FIGS. 19A-19C show a preferred arrangement of a converted single
hull oil tanker 300 with its oil tanks removed and replaced with
new hold walls 301, to give essentially triple wall containment of
the cargo carried within the pipe bundles 340 now filling the
holds. The embodiment shown is an integral carrier 300 having the
complete modular process train mounted on board. This enables the
vessel to service an offshore loading buoy (see FIG. 10), prepare
the natural gas for storage, produce the CGL cargo and then
transport the CGL cargo to market, and during offloading, separate
the hydrocarbon solvent from the CGL for reuse on the next voyage,
and transfer the natural gas cargo to an offloading buoy/market
facility. Depending on field size, natural production rate, vessel
capacity, fleet size, quantity and frequency of vessel visits, as
well as distance to markets, the system configuration can vary. For
example two loading buoys with overlapping tie up of vessels can
reduce the need for between-load field storage required to assure
continuous field production.
As noted above, the carrier vessel 300 advantageously includes
modularized processing equipment including, for example, a modular
gas loading and CGL production system 302 having a refrigeration
heat exchanger module 304, a refrigerator compressor module 306,
and vent scrubber modules 308, and a CGL fractionation offloading
system 310 having a power generation module 312, a heat medium
module 314, a nitrogen generation module 316, and a methanol
recovery module 318. Other modules on the vessel include, for
example, a metering module 320, a gas compressor module 322, gas
scrubber modules 324, a fluid displacement pump module 330, a CGL
circulation module 332, natural gas recovery tower modules 334, and
solvent recovery tower modules 336. The vessel also preferably
includes a special duty module space 326 and gas loading and
offloading connections 328.
FIGS. 20A-20B show the general arrangement of a loading barge 400
carrying the process train to produce the CGL product. Equations of
economics may dictate the need to share process equipment for a
select fleet of vessels. A single processing barge, tethered in the
production field, can serve a succession of vessels configured as
"shuttle vessels". Where continuous loading/production is crucial
to field operations and the critical point in the delivery cycle
involves the timing of transportation vessel arrivals, a gas
processing vessel with integral swing or overflow, buffer or
production swing storage capacity is utilized in place of a simple
loading barge (FPO). Correspondingly the shuttle transport vessels
would be serviced at the market end by an offloading barge
configured as per FIGS. 23A-23B. The burden of providing capital
for loading and unloading process trains on every vessel in a
custom fleet is thereby removed from the overall fleet cost by
incorporating these systems on board vessels moored at the loading
and unloading points of the voyage.
The loading barge 400 preferably includes CGL product storage
modules 402 and modularized processing equipment including, for
example, a gas metering module 408, a mol sieve module 410, gas
compression modules 412, a gas scrubber module 414, power
generation modules 418, a fuel treatment module 420, a cooling
module 424, refrigeration modules 428 and 432, refrigeration heat
exchanger modules 430, and vent module 434. In addition, the
loading barge preferably includes a special duty module space 436,
a loading boom 404 with a line 405 to receive solvent from a
carrier and a line 406 to transmit CGL product to a carrier, a gas
receiving line 422, and a helipad and control center 426.

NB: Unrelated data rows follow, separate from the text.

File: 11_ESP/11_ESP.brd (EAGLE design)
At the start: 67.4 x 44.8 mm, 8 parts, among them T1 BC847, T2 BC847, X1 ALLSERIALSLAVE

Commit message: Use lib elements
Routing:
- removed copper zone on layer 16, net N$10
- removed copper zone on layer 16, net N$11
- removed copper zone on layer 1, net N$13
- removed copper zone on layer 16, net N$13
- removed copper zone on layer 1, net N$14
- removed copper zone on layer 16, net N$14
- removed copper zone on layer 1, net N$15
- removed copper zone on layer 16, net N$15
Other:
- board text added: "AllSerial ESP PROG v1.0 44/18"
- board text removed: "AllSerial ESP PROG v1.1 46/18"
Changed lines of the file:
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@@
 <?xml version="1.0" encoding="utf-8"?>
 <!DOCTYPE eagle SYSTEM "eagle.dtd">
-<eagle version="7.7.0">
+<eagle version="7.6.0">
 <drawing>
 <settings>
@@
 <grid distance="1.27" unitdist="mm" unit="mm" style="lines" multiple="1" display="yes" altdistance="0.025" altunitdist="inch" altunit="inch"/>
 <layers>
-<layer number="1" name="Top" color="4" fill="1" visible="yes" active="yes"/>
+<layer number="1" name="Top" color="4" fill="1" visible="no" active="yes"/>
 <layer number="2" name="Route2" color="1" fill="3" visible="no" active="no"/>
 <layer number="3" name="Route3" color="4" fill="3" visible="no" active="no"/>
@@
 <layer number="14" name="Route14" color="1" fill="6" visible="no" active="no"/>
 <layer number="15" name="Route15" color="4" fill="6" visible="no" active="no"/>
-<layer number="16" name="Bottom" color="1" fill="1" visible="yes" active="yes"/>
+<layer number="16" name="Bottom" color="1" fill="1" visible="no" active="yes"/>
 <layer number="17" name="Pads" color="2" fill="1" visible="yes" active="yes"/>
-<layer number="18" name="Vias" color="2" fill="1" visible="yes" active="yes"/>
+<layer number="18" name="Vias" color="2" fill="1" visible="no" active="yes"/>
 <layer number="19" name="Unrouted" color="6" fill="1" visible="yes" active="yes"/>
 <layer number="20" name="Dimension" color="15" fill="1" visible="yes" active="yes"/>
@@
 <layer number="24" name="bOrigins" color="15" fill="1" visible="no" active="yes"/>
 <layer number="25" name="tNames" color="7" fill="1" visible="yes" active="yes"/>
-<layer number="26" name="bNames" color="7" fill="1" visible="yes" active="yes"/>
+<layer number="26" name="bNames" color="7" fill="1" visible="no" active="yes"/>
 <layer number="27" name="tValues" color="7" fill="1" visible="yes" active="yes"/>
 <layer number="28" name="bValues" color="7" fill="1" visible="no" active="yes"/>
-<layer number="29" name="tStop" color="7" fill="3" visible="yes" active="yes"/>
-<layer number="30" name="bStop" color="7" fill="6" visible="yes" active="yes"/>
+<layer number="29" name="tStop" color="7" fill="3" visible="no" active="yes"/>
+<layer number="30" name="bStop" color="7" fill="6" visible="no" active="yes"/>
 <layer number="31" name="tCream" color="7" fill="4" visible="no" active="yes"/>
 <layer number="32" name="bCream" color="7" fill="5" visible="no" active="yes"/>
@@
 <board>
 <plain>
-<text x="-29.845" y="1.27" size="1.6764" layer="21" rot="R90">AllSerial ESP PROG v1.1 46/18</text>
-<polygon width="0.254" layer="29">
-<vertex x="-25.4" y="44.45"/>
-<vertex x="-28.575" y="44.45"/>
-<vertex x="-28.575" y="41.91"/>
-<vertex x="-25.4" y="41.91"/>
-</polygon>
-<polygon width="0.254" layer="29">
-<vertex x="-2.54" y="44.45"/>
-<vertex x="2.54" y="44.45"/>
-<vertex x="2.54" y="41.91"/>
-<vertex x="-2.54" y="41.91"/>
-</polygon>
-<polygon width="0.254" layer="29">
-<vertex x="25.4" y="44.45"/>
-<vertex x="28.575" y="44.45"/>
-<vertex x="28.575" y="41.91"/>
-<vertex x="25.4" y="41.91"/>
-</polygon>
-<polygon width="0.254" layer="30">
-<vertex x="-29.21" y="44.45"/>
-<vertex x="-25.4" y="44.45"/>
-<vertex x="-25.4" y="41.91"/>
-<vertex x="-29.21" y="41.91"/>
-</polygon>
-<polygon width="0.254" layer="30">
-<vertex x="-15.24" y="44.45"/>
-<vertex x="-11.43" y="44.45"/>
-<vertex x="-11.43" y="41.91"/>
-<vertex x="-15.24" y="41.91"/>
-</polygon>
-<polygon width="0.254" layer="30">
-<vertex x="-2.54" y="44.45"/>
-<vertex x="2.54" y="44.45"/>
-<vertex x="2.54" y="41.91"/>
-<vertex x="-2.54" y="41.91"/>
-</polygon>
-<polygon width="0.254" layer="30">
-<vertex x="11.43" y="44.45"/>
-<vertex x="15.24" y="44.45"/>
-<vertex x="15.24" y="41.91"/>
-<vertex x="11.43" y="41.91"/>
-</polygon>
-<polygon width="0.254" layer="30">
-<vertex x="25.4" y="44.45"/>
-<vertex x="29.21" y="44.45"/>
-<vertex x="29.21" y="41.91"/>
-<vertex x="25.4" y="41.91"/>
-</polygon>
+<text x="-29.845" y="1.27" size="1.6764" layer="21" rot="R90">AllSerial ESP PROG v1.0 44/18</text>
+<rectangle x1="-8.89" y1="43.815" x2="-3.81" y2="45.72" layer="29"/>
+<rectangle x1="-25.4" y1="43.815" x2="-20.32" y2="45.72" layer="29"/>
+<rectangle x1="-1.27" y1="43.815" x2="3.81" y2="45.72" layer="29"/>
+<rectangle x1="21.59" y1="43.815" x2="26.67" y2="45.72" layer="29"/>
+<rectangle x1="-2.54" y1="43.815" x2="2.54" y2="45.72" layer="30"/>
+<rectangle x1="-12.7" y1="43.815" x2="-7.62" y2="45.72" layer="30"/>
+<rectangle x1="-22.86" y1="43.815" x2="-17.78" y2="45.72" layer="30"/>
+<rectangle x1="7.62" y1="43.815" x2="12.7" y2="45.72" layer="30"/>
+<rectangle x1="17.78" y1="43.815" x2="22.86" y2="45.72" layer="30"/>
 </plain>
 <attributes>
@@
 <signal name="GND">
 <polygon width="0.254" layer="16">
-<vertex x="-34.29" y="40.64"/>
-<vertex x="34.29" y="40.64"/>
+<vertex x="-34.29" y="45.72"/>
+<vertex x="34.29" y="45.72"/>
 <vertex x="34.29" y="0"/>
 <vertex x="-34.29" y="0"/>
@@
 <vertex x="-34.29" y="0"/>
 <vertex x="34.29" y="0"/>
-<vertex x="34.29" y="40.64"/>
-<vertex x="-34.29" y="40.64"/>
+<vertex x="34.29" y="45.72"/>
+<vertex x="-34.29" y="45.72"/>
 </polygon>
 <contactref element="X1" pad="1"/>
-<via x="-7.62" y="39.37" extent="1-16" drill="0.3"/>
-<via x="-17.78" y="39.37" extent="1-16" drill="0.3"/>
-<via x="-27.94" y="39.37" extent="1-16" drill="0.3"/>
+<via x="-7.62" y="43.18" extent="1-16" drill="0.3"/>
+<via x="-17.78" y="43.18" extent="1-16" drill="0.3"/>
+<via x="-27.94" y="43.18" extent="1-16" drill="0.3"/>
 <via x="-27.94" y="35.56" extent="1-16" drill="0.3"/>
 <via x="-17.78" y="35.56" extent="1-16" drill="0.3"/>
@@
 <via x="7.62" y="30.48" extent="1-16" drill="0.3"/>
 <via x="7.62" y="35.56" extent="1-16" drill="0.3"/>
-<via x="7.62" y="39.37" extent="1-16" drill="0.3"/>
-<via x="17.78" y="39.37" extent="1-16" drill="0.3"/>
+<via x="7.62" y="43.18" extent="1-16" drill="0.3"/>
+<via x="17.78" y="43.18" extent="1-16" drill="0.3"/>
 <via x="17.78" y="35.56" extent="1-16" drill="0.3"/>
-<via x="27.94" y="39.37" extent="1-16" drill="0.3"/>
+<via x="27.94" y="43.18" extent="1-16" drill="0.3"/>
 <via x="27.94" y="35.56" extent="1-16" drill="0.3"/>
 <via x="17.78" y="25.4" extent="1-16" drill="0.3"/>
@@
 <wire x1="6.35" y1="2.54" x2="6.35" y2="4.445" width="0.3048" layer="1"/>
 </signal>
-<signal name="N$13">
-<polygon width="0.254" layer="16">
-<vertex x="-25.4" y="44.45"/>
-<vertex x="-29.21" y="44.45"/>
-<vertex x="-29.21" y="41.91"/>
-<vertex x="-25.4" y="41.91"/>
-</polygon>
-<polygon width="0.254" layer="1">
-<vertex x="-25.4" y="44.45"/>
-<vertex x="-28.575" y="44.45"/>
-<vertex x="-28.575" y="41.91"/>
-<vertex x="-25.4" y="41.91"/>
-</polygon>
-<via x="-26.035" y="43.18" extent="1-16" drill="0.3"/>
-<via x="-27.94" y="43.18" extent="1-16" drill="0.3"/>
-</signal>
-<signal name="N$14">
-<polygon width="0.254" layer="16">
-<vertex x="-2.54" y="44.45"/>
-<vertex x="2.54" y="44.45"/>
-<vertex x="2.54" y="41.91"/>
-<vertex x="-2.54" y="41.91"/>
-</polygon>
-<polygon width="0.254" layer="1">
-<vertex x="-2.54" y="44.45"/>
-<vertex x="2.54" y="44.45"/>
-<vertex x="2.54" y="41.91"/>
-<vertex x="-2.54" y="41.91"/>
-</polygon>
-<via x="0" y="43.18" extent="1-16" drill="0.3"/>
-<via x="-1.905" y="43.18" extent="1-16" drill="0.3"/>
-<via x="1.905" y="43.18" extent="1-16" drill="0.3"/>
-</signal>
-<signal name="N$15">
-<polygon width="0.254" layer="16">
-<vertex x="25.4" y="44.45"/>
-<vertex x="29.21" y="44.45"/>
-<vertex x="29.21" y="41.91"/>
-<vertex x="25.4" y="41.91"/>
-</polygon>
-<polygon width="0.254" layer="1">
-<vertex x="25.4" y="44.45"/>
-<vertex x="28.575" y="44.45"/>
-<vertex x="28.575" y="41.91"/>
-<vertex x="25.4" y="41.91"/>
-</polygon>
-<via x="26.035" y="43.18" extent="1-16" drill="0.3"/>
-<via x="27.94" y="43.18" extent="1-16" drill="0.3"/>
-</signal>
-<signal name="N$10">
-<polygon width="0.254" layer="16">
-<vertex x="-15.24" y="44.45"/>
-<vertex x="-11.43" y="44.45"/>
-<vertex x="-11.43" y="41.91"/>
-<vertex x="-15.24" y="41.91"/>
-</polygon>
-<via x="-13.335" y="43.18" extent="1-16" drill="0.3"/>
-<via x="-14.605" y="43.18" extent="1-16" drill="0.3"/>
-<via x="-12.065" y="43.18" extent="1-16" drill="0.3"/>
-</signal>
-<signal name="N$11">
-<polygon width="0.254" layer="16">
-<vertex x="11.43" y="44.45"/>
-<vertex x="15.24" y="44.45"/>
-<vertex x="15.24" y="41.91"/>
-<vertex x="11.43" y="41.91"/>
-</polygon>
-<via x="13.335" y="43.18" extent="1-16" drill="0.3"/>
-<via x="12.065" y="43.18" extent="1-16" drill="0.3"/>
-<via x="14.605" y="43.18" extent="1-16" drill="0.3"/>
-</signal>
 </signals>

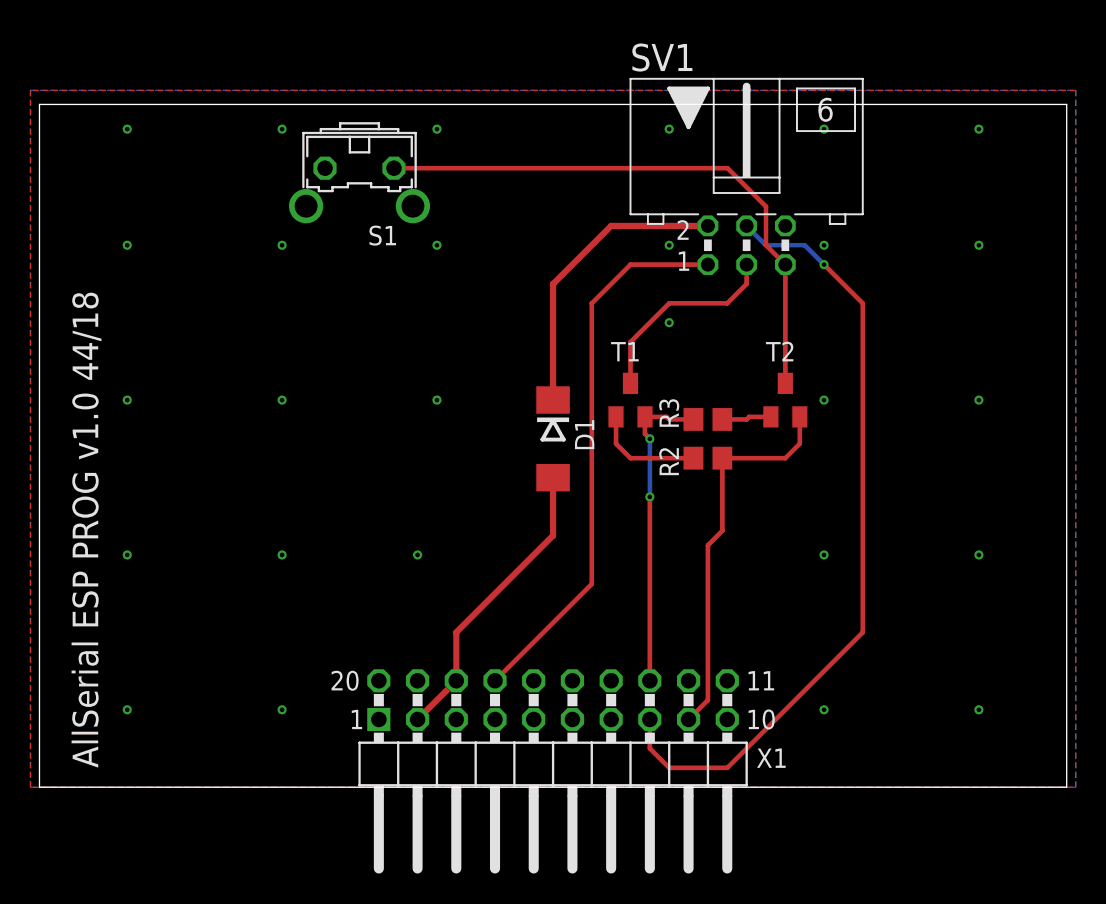
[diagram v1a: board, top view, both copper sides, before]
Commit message: pro mini layout corrected
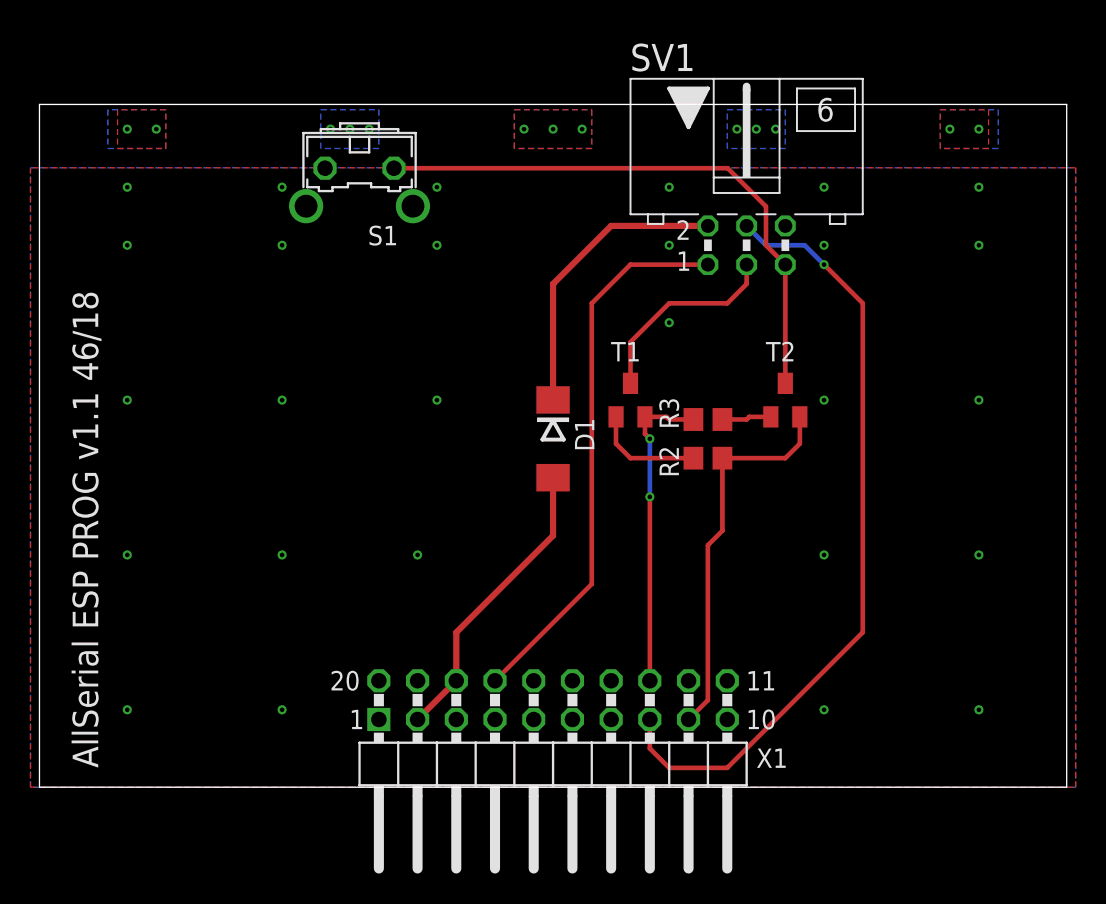
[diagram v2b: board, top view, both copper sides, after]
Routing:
- added copper zone on layer 16, net N$10
- added copper zone on layer 16, net N$11
- added copper zone on layer 1, net N$13
- added copper zone on layer 16, net N$13
- added copper zone on layer 1, net N$14
- added copper zone on layer 16, net N$14
- added copper zone on layer 1, net N$15
- added copper zone on layer 16, net N$15
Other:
- board text added: "AllSerial ESP PROG v1.1 46/18"
- board text removed: "AllSerial ESP PROG v1.0 44/18"
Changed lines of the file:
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@@
 <?xml version="1.0" encoding="utf-8"?>
 <!DOCTYPE eagle SYSTEM "eagle.dtd">
-<eagle version="7.6.0">
+<eagle version="7.7.0">
 <drawing>
 <settings>
@@
 <grid distance="1.27" unitdist="mm" unit="mm" style="lines" multiple="1" display="yes" altdistance="0.025" altunitdist="inch" altunit="inch"/>
 <layers>
-<layer number="1" name="Top" color="4" fill="1" visible="no" active="yes"/>
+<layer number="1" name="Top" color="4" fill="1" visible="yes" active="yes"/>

The flexibility to deliver to any number of ports according to
changes in market demand and the pricing of a spot market for
natural gas supplies and NGLs would require that the individual
vessel be configured to be self contained for offloading natural
gas from its CGL cargo, and recycling the hydrocarbon solvent to
onboard storage in preparation for use on the next voyage. Such a
vessel now has the flexibility to deliver interchangeable gas
mixtures to meet the individual market specifications of the
selected ports.
FIGS. 21A-C show a new build vessel 500 configured for CGL product
storage and unloading to an offloading barge. The vessel is built
around the cargo considerations of the containment system and its
contents. Preferably, the vessel 500 includes a forward wheelhouse
position 504, a containment location predominantly above the
freeboard deck 511, and ballast below 505. The containment system
506 can be split into more than one cargo zone 508A-C, each of
which is afforded a reduced crush zone 503 in the sides of the
vessel 500. The interlocking bundle framing and boxed in design
tied into the vessel structure permits this interpretation of
construction codes and enables the maximum use of the hull's volume
to be dedicated to cargo space.
At the rear of the vessel 500, deck space is provided for the
modular placement of necessary process equipment in a more compact
area than would be available on board a converted vessel. The
modularized processing equipment includes, for example,
displacement fluid pump modules 510, refrigeration condenser
modules 512, a refrigeration scrubber and economizer module 514, a
fuel process module 516, refrigeration compressor modules 520,
nitrogen generator modules 522, a CGL product circulation module
524, a water treatment module 526, and a reverse osmosis water
module 528. As shown, the containment fittings for the CGL product
containment system 506 are preferably above the water line. The
containment modules 508A, 508B and 508C of the containment system
506, which could include one or more modules, are positioned in the
one or more containment holds 532 and enclosed in a nitrogen hood
or cover 507.
Turning to FIG. 22, a cross-section of the vessel 500 through a
containment hold 532 shows crumple zones 503, which preferably are
reduced to about 18% of overall width of the vessel 500, a ballast
and displacement fluid storage area 505, stacked containment
pipeline bundles 536 positioned within the hold 532, and the
nitrogen hood 507 enclosing the pipeline bundles 536. As depicted,
all manifolds 534 are above the pipeline bundles 534 ensuring that
all connections are above the water line WL.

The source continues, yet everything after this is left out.